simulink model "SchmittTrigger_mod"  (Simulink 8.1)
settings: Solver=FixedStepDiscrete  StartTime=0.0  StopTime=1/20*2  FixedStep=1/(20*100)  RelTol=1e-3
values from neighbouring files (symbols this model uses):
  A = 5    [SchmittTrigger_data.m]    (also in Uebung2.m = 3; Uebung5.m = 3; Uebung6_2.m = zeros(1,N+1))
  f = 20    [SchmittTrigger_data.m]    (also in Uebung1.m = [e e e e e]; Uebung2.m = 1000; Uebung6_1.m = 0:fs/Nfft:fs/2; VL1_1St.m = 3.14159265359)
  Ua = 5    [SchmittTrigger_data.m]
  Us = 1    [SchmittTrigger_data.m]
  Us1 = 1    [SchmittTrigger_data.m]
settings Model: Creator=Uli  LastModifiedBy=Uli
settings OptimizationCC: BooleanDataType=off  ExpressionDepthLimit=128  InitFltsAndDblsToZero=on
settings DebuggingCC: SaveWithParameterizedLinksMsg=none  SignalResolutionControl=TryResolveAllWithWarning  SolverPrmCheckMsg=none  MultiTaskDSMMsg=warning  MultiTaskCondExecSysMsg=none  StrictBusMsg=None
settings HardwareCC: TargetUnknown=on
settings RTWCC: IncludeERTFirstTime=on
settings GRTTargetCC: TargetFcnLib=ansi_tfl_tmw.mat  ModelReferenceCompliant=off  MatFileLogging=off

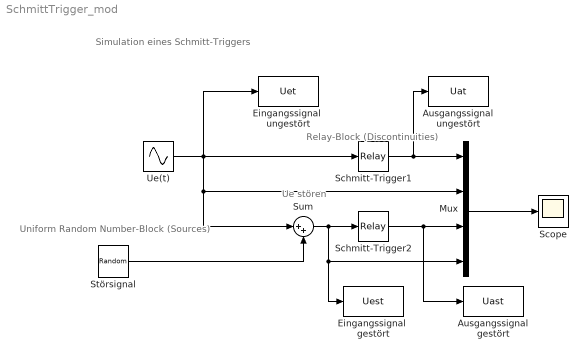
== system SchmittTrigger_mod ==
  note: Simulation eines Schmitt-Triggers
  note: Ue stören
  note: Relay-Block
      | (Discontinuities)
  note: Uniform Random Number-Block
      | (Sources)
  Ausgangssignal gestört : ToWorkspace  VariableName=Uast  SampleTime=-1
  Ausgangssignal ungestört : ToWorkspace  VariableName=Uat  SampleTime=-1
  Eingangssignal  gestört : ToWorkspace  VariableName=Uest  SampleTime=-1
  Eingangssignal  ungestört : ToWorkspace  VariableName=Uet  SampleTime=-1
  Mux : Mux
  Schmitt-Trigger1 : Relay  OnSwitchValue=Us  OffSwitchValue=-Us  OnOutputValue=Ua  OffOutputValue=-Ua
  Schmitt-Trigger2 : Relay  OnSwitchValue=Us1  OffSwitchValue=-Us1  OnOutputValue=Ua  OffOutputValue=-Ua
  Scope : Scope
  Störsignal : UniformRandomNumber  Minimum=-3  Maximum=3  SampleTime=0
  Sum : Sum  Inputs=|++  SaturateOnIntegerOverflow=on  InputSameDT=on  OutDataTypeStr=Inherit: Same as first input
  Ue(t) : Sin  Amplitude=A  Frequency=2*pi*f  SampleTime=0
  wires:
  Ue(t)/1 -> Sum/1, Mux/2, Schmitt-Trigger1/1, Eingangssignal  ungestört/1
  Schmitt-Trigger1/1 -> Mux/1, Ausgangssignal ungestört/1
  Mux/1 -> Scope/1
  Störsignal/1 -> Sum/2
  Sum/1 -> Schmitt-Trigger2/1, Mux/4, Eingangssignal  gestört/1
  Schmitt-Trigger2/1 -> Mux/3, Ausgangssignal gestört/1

WHAT IS NEEDED: Please transcribe exactly the lines above from the line that has "note: Ue stören" up to and including the line that has "Störsignal : UniformRandomNumber"; no other line belongs in the answer.

SOLUTION FOR THIS TASK:
  note: Ue stören
  note: Relay-Block
      | (Discontinuities)
  note: Uniform Random Number-Block
      | (Sources)
  Ausgangssignal gestört : ToWorkspace  VariableName=Uast  SampleTime=-1
  Ausgangssignal ungestört : ToWorkspace  VariableName=Uat  SampleTime=-1
  Eingangssignal  gestört : ToWorkspace  VariableName=Uest  SampleTime=-1
  Eingangssignal  ungestört : ToWorkspace  VariableName=Uet  SampleTime=-1
  Mux : Mux
  Schmitt-Trigger1 : Relay  OnSwitchValue=Us  OffSwitchValue=-Us  OnOutputValue=Ua  OffOutputValue=-Ua
  Schmitt-Trigger2 : Relay  OnSwitchValue=Us1  OffSwitchValue=-Us1  OnOutputValue=Ua  OffOutputValue=-Ua
  Scope : Scope
  Störsignal : UniformRandomNumber  Minimum=-3  Maximum=3  SampleTime=0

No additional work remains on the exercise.